The download of my daily (almost) thoughts and ruminations.

Sunday, March 04, 2007

Historical Study, Value or Myth?

It's crazy to do two posts in one day but my mind is overflowing with what I've seen in the last few days and how I need to document it, so I decided to parse it up. This is the second parse (I know I'm not using this word appropriately but I like the sound of it so, tough.)

This is Andy Warhol's version of what Mt. Vesuvius, found in the south of Italy, must have looked like as it spewed lava and ash over the countryside over 2,000 years ago. Of course, no one will ever know what it actually looked like because all the eye witnesses (or at least those in Pompeii) perished under tons of ash. Doesn't it always seem strange how something that weighs nothing (meaning ash) can actually weigh tons if there is enough of it? Anyway, there was enough of it to completely cover this community for centuries.
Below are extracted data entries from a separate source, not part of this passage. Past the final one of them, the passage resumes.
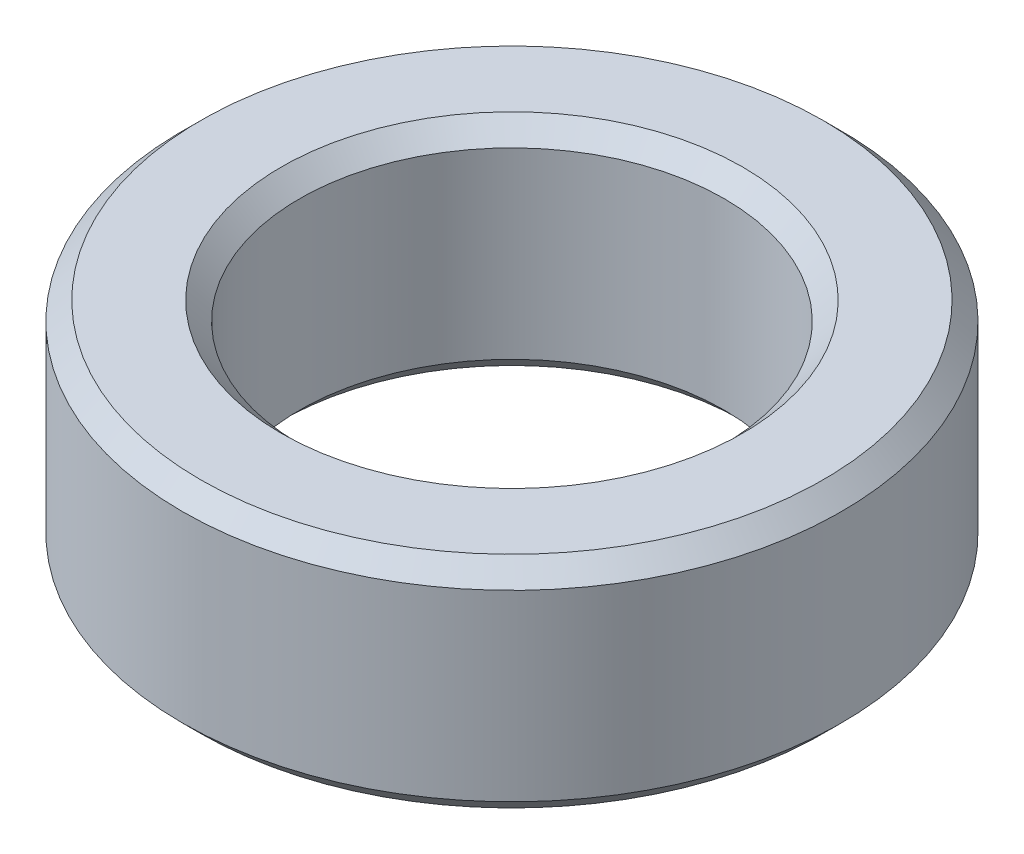
SolidWorks part; units mm, degrees
ref_plane "Front Plane" through (0, 0, 0) normal (0, 0, 1) x (1, 0, 0)
ref_plane "Top Plane" through (0, 0, 0) normal (0, 1, 0) x (1, 0, 0)
ref_plane "Right Plane" through (0, 0, 0) normal (1, 0, 0) x (0, 0, -1)
sketch "Sketch1" plane through (0, 0, 0) normal (0, 1, 0) x (1, 0, 0)
  circle A0 centre (0, 0) radius 2.9
  circle A1 centre (0, 0) radius 4.5
  dimension "D1" = 5.8
  dimension "D2" = 9
extrude "Boss-Extrude1" add sketch "Sketch1" along normal blind 3
chamfer "Chamfer1" distance 0.25 angle 45 4 edges at (0, 3, 4.5) (0, 0, 4.5) (0, 0, 2.9) (0, 3, 2.9)

That is until someone began the long, arduous process of digging it out and restoring everything to the extent possible.

Just imagine, everything you are going to see here was completely buried and hidden (and protected) from the elements for all this time.
This leads me to wonder, what do we really learn by uncovering such a civilization? We appear to continue to go through all the same self-destructive tendencies regardless of how much we study our past. How much smarter does it really make us to study history? How has it changed our tendencies to hate and to fight and to act out the perverse sides of our human nature?

This is the point where I would like to hand this essay assignment to my college Western Civ class just to see if anyone has a thread of a good idea on this subject. Are we missing the boat because with all our teaching of the classical studies, we have missed the point by not teaching tolerance, respect and integrity? I realize this kind of teaching begins at home but it feels a little chicken and eggy if there is no reinforcement of these aspects of character in our education process. I won't even go down the television or Internet path.

I realize you could say, what has all this to do with Pompeii and its destruction by nature? So let me ask the question, just how different were the basics of life 2,000 years ago? Was there competition for power, was there envy of each other's possessions, was there a driving need to be a success (whatever that meant or means), were there political factions in all levels of the society with so much intolerance of others based on "religious" convictions, and most of all, was there a self-assurance of man's dominance over nature? I'm referring to that need to tempt nature when we truly are at its mercy, regardless of the extent of our research and study.

OK, I've had my say...

1 Comments:

At 4:49 PM, Blogger kara said...

That's what they get for setting up camp under an active volcano. Good thing WE know better. Heh Heh.